##### Input for this task #####

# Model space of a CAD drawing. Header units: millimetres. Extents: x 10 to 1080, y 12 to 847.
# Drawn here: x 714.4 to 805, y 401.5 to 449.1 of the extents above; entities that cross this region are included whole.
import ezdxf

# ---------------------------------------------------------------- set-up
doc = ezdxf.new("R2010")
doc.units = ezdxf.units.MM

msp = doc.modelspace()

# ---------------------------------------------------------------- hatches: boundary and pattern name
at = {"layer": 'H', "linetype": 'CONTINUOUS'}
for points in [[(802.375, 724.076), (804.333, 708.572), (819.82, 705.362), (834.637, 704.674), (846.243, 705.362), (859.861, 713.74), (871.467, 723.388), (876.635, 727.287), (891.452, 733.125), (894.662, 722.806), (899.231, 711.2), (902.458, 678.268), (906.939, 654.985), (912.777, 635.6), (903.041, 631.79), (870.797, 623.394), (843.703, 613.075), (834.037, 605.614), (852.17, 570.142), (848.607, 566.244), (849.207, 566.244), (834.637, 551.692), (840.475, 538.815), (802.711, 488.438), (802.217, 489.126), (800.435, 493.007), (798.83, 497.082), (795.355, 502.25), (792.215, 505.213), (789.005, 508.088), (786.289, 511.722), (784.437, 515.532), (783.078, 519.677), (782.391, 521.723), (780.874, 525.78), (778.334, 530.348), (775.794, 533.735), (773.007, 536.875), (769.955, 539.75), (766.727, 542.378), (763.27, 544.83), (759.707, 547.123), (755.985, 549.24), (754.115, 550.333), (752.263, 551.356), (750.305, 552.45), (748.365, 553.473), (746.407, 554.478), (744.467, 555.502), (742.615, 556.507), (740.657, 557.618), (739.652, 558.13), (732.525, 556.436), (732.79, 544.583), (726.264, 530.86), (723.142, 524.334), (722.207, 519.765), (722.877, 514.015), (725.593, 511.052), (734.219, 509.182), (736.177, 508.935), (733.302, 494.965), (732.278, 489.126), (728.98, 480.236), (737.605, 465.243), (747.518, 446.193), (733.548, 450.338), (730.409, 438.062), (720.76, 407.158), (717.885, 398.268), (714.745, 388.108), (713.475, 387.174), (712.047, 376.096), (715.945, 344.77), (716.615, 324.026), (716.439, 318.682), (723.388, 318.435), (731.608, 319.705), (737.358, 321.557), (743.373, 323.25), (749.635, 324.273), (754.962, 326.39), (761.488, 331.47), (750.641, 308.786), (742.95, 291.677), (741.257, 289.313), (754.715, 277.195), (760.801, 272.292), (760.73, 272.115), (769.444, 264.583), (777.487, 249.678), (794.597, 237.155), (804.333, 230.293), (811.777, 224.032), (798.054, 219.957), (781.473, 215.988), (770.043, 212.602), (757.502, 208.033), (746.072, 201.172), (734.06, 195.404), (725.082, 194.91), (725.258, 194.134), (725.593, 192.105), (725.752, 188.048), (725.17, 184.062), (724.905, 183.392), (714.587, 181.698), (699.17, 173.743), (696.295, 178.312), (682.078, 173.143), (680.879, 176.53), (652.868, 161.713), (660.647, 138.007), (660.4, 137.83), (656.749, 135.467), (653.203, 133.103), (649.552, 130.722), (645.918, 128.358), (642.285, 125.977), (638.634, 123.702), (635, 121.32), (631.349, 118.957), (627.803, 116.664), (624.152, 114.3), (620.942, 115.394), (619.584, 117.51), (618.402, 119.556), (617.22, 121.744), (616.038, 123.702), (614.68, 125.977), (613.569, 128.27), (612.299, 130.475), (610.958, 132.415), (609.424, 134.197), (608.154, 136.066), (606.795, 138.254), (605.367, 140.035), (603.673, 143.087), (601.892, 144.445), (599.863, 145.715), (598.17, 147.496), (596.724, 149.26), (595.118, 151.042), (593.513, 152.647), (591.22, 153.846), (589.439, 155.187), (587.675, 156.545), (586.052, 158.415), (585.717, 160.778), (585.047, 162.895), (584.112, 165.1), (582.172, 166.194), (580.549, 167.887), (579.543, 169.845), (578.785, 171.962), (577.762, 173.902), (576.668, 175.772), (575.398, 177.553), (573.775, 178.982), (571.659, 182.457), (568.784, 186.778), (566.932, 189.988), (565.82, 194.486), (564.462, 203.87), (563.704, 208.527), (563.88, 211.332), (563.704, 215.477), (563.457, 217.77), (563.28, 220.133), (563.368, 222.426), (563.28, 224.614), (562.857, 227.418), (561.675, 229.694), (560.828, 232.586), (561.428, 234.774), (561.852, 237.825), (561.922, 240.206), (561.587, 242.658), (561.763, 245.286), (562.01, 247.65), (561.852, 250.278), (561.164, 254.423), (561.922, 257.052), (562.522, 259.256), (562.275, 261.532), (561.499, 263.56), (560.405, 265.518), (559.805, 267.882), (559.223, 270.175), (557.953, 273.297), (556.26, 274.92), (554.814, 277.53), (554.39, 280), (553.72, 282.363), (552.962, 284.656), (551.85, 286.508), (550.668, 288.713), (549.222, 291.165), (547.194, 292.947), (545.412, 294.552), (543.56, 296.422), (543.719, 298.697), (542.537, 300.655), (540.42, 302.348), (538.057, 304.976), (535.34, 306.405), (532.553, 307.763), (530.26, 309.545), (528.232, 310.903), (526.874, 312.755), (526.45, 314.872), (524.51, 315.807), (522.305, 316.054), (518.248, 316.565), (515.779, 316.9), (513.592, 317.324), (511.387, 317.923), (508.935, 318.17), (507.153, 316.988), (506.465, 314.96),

#####

▸ **Goal of the exercise**
When the word "ezdxf" occurs in a line above, list that line.

▸ **Task response**
import ezdxf
doc = ezdxf.new("R2010")
doc.units = ezdxf.units.MM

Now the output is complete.